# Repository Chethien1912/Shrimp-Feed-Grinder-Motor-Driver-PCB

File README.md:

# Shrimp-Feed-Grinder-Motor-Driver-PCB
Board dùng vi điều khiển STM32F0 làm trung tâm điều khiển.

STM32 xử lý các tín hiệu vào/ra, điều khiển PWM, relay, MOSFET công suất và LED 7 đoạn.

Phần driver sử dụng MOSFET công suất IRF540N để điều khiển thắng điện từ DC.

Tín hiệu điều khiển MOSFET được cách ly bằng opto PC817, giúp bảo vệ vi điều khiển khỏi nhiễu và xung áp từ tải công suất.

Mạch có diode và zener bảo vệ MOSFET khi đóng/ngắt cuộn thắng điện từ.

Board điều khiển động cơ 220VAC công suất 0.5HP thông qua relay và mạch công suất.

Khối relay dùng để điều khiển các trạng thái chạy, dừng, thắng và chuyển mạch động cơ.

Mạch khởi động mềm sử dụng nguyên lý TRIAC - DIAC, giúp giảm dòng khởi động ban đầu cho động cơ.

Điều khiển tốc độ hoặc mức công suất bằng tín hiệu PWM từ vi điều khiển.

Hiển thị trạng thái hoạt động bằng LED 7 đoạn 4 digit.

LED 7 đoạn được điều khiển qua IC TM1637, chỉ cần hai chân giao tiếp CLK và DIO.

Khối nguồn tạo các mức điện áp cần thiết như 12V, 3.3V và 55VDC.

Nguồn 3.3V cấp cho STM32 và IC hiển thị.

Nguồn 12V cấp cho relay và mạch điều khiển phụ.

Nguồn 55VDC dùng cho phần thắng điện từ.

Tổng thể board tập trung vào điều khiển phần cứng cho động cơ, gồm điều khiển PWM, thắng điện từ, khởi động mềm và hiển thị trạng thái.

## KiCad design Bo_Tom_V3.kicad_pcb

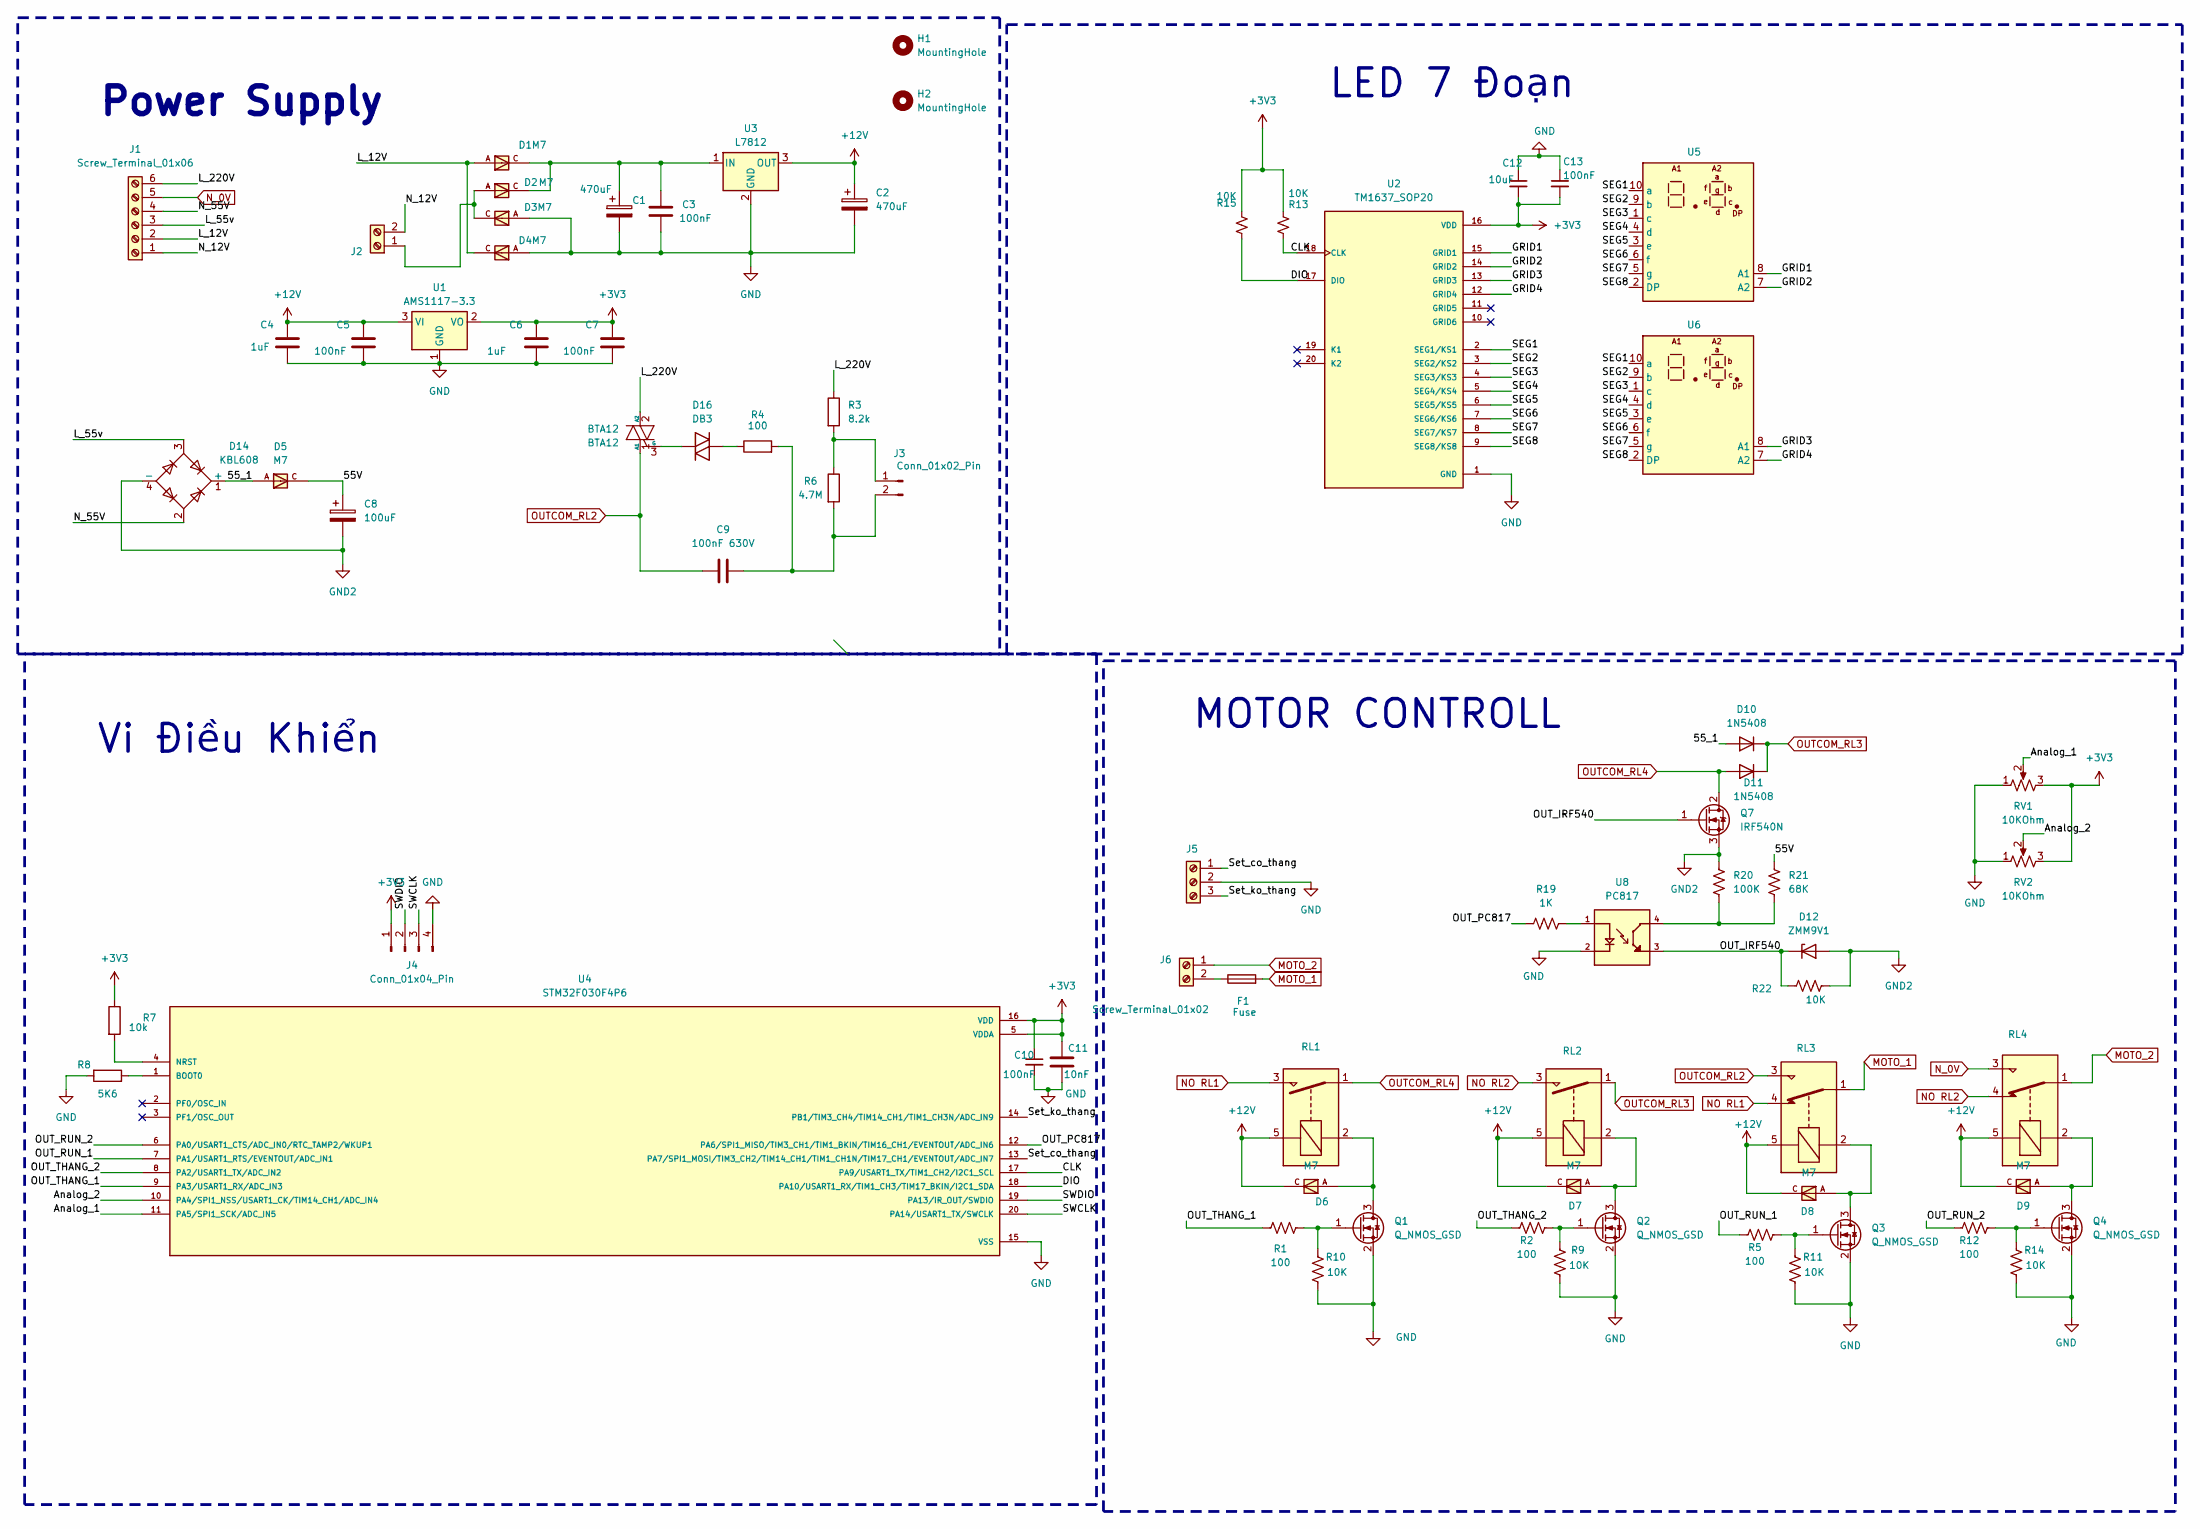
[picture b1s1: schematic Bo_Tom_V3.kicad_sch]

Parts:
BTA12: BTA12; TO-220-3_Vertical
C1, C2: 470uF; C_Radial_D8.0mm_H11.5mm_P3.50mm
C3, C5, C7, C13: 100nF; C_0603_1608Metric
C4, C6: 1uF; C_0603_1608Metric
C8: 100uF; C_Radial_D10.0mm_H16.0mm_P5.00mm
C9: 100nF 630V; C_Rect_L11.5mm_W4.5mm_P10.00mm_MKT
C10: 100nF; C_0603
C11: 10nF; C_0603_1608Metric
C12: 10uF; C_0603_1608Metric
D1, D2, D3, D4, D5, D6, D7, D8, D9: M7; DIOM505270X240; MPN M7
D10, D11: 1N5408; D_DO-201AD_P15.24mm_Horizontal
D12: ZMM9V1; diode_ZMM
D14: KBL608; KLB608
D16: DB3; D_DO-35_SOD27_P7.62mm_Horizontal
F1: Fuse; Fuse_Bourns_MF-RG300
H1, H2: MountingHole; Hole_3mm
J1: Screw_Terminal_01x06; TE_826576-6_1x06_P3.96mm_Vertical
J2, J6: Screw_Terminal_01x02; TE_826576-2_1x02_P3.96mm_Vertical
J3: Conn_01x02_Pin; Conn-Vert-THT-2P-2.54mm-S2B_XH_SM4_TB
J4: Conn_01x04_Pin; PinHeader_1x04_P2.54mm_Vertical
J5: Screw_Terminal_01x03; Conn-Vert-THT-3P-2.54mm-S3B_XH_SM4_TB
Q1, Q2, Q3, Q4: Q_NMOS_GSD; SOT-23
Q7: IRF540N; TO-220-3_Vertical
R1, R2, R5, R12: 100; R_0603_1608Metric
R3: 8.2k; R_0603
R4: 100; R_0603
R6: 4.7M; R_0805
R7: 10k; R_0603_1608Metric
R8: 5K6; R_0603_1608Metric
R9, R10, R11, R13, R14, R15, R22: 10K; R_0603_1608Metric
R19: 1K; R_0603_1608Metric
R20: 100K; R_0603_1608Metric
R21: 68K; R_0603_1608Metric
RL1, RL2: SANYOU_SRD_Form_A; Relay_SPST_SANYOU_SRD_Series_Form_A
RL3, RL4: SANYOU_SRD_Form_C; Relay_SPDT_SANYOU_SRD_Series_Form_C
RV1, RV2: 10KOhm; VR_WH148-3P-103
U1: AMS1117-3.3; SOT-223-3_TabPin2
U2: TM1637_SOP20; SOIC127P1035X255-20N; PARTREV V2.6
U3: L7812; TO-252-2
U4: STM32F030F4P6; SOP65P640X120-20N
U5, U6: Led 7 segment 2 digit
U8: PC817; SOIC254P975X460-4N

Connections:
+3V3: C6.1, C7.1, C10.1, C11.1, C12.2, C13.2, J4.1, R7.1, R13.2, R15.2, RV1.3, RV2.3, U1.2 (VO), U2.16 (VDD), U4.5 (VDDA), U4.16 (VDD)
+12V: C2.1, C4.1, C5.1, D6.C, D7.C, D8.C, D9.C, RL1.5, RL2.5, RL3.5, RL4.5, U1.3 (VI), U3.3 (OUT)
/55V: C8.1, D5.C, R21.2
/55_1: D5.A, D10.2 (A), D14.1 (+)
/Analog_1: RV1.2, U4.11 (PA5/SPI1_SCK/ADC_IN5)
/Analog_2: RV2.2, U4.10 (PA4/SPI1_NSS/USART1_CK/TIM14_CH1/ADC_IN4)
/CLK: R13.1, U2.18 (CLK), U4.17 (PA9/USART1_TX/TIM1_CH2/I2C1_SCL)
/DIO: R15.1, U2.17 (DIO), U4.18 (PA10/USART1_RX/TIM1_CH3/TIM17_BKIN/I2C1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)
/GRID1: U2.15 (GRID1), U5.8 (A1)
/GRID2: U2.14 (GRID2), U5.7 (A2)
/GRID3: U2.13 (GRID3), U6.8 (A1)
/GRID4: U2.12 (GRID4), U6.7 (A2)
/L_12V: D1.A, D4.C, J1.2
/L_55v: D14.3, J1.3
/L_220V: BTA12.2 (A2), J1.6, R3.1
/N_12V: J1.1, J2.2
/N_55V: D14.2, J1.4
/OUT_IRF540: D12.1 (K), Q7.1 (G), R22.2, U8.3
/OUT_PC817: R19.2, U4.12 (PA6/SPI1_MISO/TIM3_CH1/TIM1_BKIN/TIM16_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)
/OUT_RUN_1: R5.1, U4.7 (PA1/USART1_RTS/EVENTOUT/ADC_IN1)
/OUT_RUN_2: R12.1, U4.6 (PA0/USART1_CTS/ADC_IN0/RTC_TAMP2/WKUP1)
/OUT_THANG_1: R1.1, U4.9 (PA3/USART1_RX/ADC_IN3)
/OUT_THANG_2: R2.1, U4.8 (PA2/USART1_TX/ADC_IN2)
/SEG1: U2.2 (SEG1/KS1), U5.10 (a), U6.10 (a)
/SEG2: U2.3 (SEG2/KS2), U5.9 (b), U6.9 (b)
/SEG3: U2.4 (SEG3/KS3), U5.1 (c), U6.1 (c)
/SEG4: U2.5 (SEG4/KS4), U5.4 (d), U6.4 (d)
/SEG5: U2.6 (SEG5/KS5), U5.3 (e), U6.3 (e)
/SEG6: U2.7 (SEG6/KS6), U5.6 (f), U6.6 (f)
/SEG7: U2.8 (SEG7/KS7), U5.5 (g), U6.5 (g)
/SEG8: U2.9 (SEG8/KS8), U5.2 (DP), U6.2 (DP)
/SWCLK: J4.3, U4.20 (PA14/USART1_TX/SWCLK)
/SWDIO: J4.2, U4.19 (PA13/IR_OUT/SWDIO)
/Set_co_thang: J5.1, U4.13 (PA7/SPI1_MOSI/TIM3_CH2/TIM14_CH1/TIM1_C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)
/Set_ko_thang: J5.3, U4.14 (PB1/TIM3_CH4/TIM14_CH1/TIM1_CH3N/ADC_IN9)
GND: C1.2, C2.2, C3.2, C4.2, C5.2, C6.2, C7.2, C10.2, C11.2, C12.1, C13.1, D3.A, D4.A, J4.4, J5.2, Q1.2 (S), Q2.2 (S), Q3.2 (S), Q4.2 (S), R8.2, R9.1, R10.1, R11.1, R14.1, RV1.1, RV2.1, U1.1 (GND), U2.1 (GND), U3.2 (GND), U4.15 (VSS), U8.2
GND2: C8.2, D12.2 (A), D14.4 (-), Q7.3 (S), R20.2, R22.1
MOTO_1: F1.2, RL3.1
MOTO_2: J6.1, RL4.1
NO RL1: RL1.3, RL3.4
NO RL2: RL2.3, RL4.4
N_0V: J1.5, RL4.3
unnamed: BTA12.3 (G), D16.1 (K)
unnamed: D16.2 (A), R4.1
unnamed: D2.A, D3.C, J2.1
unnamed: J3.1, R3.2, R6.1
unnamed: C9.2, J3.2, R4.2, R6.2
unnamed: F1.1, J6.2
unnamed: D6.A, Q1.3 (D), RL1.2
unnamed: Q1.1 (G), R1.2, R10.2
unnamed: D7.A, Q2.3 (D), RL2.2
unnamed: Q2.1 (G), R2.2, R9.2
unnamed: D8.A, Q3.3 (D), RL3.2
unnamed: Q3.1 (G), R5.2, R11.2
unnamed: D9.A, Q4.3 (D), RL4.2
unnamed: Q4.1 (G), R12.2, R14.2
unnamed: R19.1, U8.1
unnamed: R20.1, R21.1, U8.4
unnamed: C1.1, C3.1, D1.C, D2.C, U3.1 (IN)
unnamed: R8.1, U4.1 (BOOT0)
unnamed: R7.2, U4.4 (NRST)
OUTCOM_RL2: BTA12.1 (A1), C9.1, RL3.3
OUTCOM_RL3: D10.1 (K), D11.1 (K), RL2.1
OUTCOM_RL4: D11.2 (A), Q7.2 (D), RL1.1

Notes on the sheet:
LED 7 Đoạn
MOTOR CONTROLL
Power Supply
Vi Điều Khiển

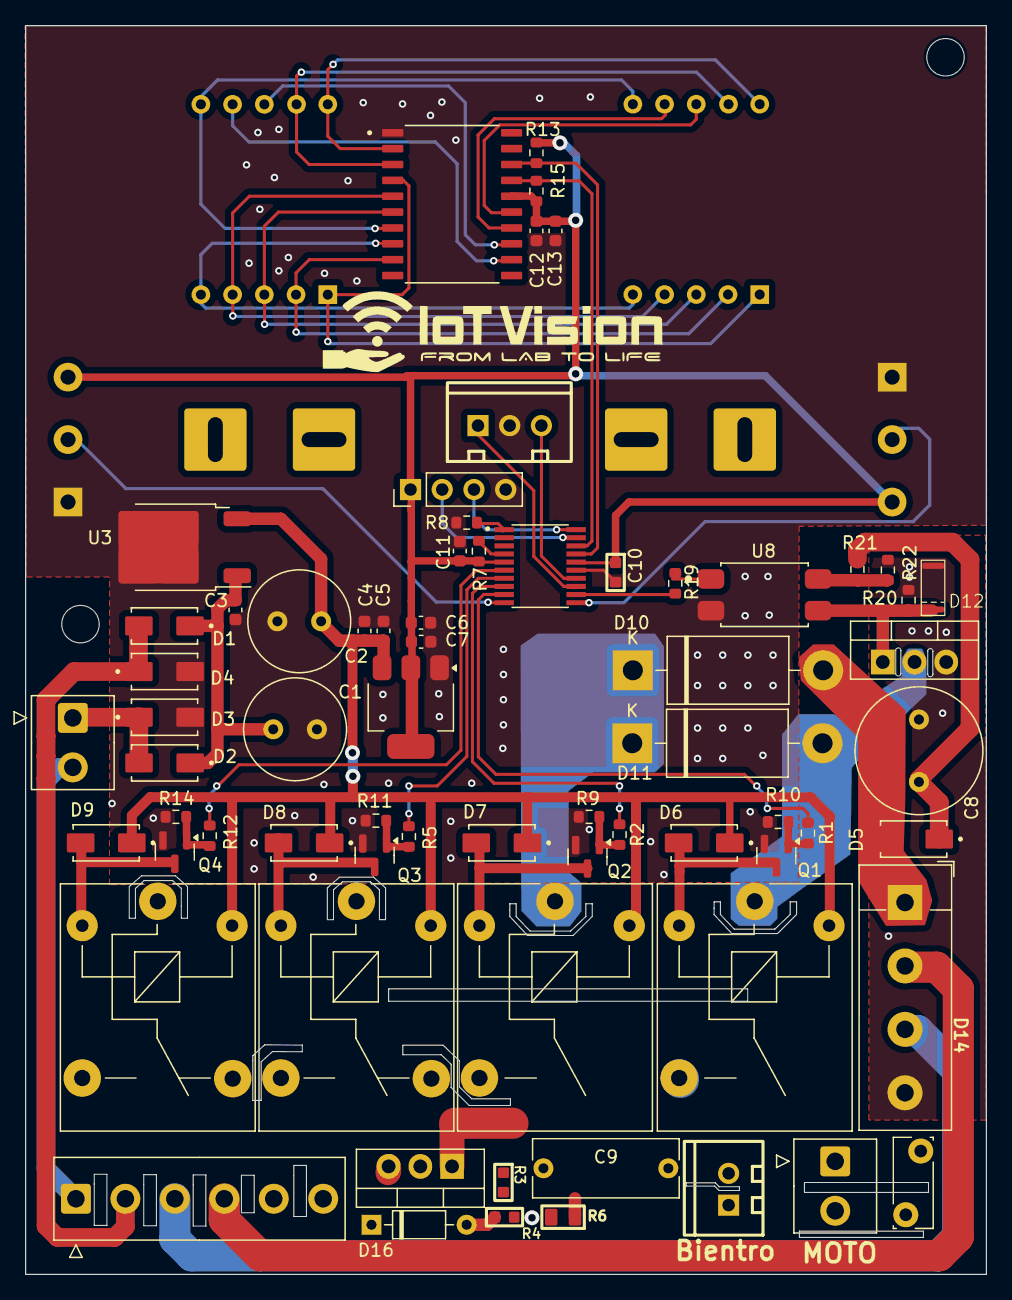
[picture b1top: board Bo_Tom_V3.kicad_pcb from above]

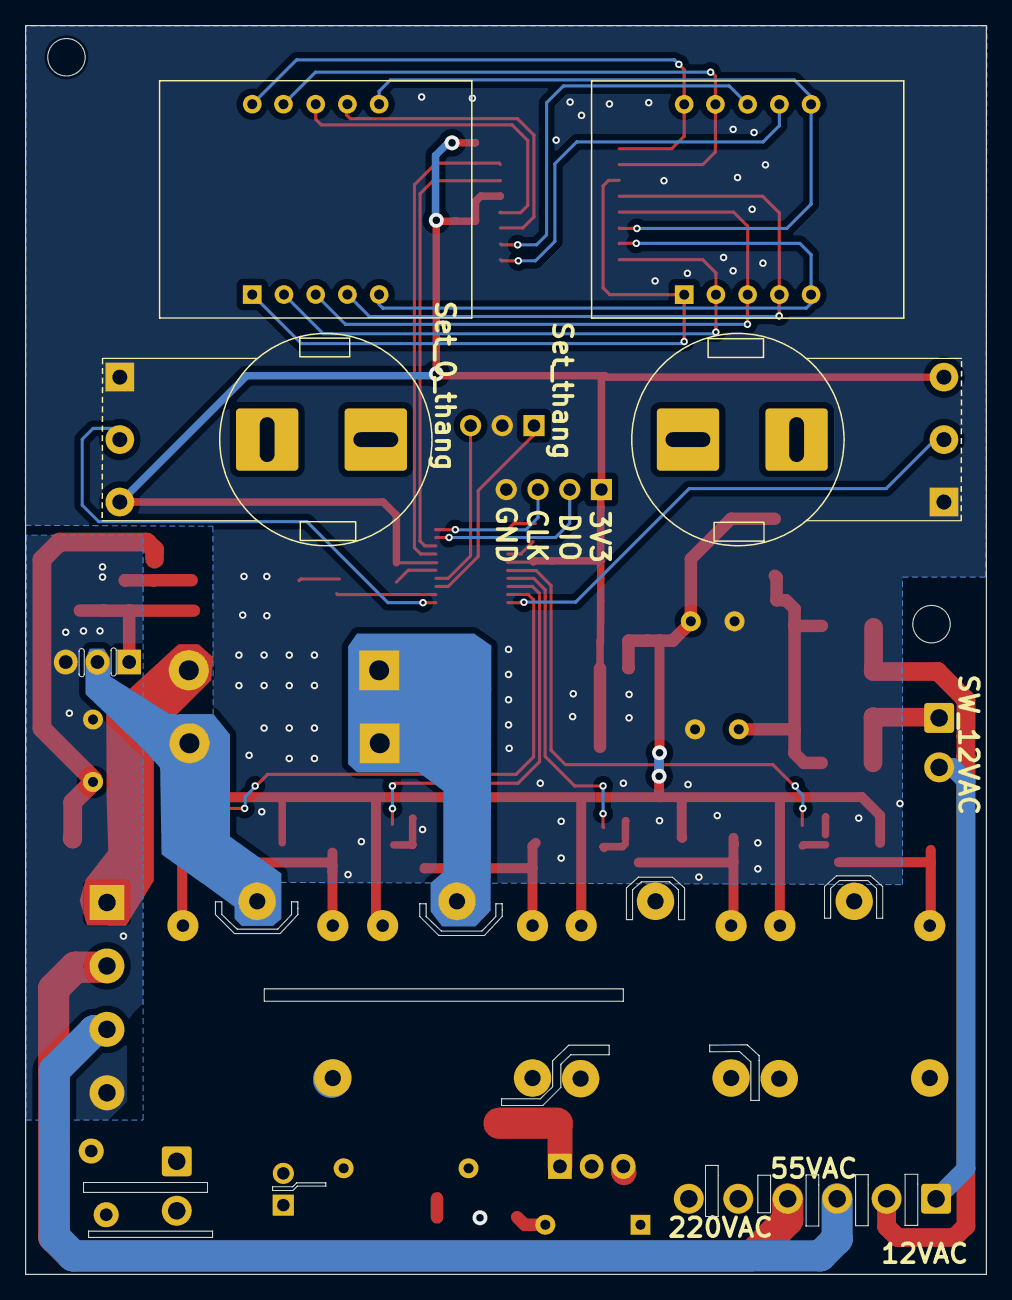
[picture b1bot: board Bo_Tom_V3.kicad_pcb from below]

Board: 2 copper layers, 76.9 x 100.0 mm, 74 parts (4 on the bottom side), 64 nets.

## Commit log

2026-05-18 Add PCB
2026-05-18 Update Project

----

GOAL OF THE EXERCISE:
Within the material above, the line with "(b), U6.9 (b)" opens the range and the line with "J4.2, U4.19 (PA13/IR_OUT/SWDIO)" closes it; reproduce that range word for word.

COMPLETED TASK:
/SEG2: U2.3 (SEG2/KS2), U5.9 (b), U6.9 (b)
/SEG3: U2.4 (SEG3/KS3), U5.1 (c), U6.1 (c)
/SEG4: U2.5 (SEG4/KS4), U5.4 (d), U6.4 (d)
/SEG5: U2.6 (SEG5/KS5), U5.3 (e), U6.3 (e)
/SEG6: U2.7 (SEG6/KS6), U5.6 (f), U6.6 (f)
/SEG7: U2.8 (SEG7/KS7), U5.5 (g), U6.5 (g)
/SEG8: U2.9 (SEG8/KS8), U5.2 (DP), U6.2 (DP)
/SWCLK: J4.3, U4.20 (PA14/USART1_TX/SWCLK)
/SWDIO: J4.2, U4.19 (PA13/IR_OUT/SWDIO)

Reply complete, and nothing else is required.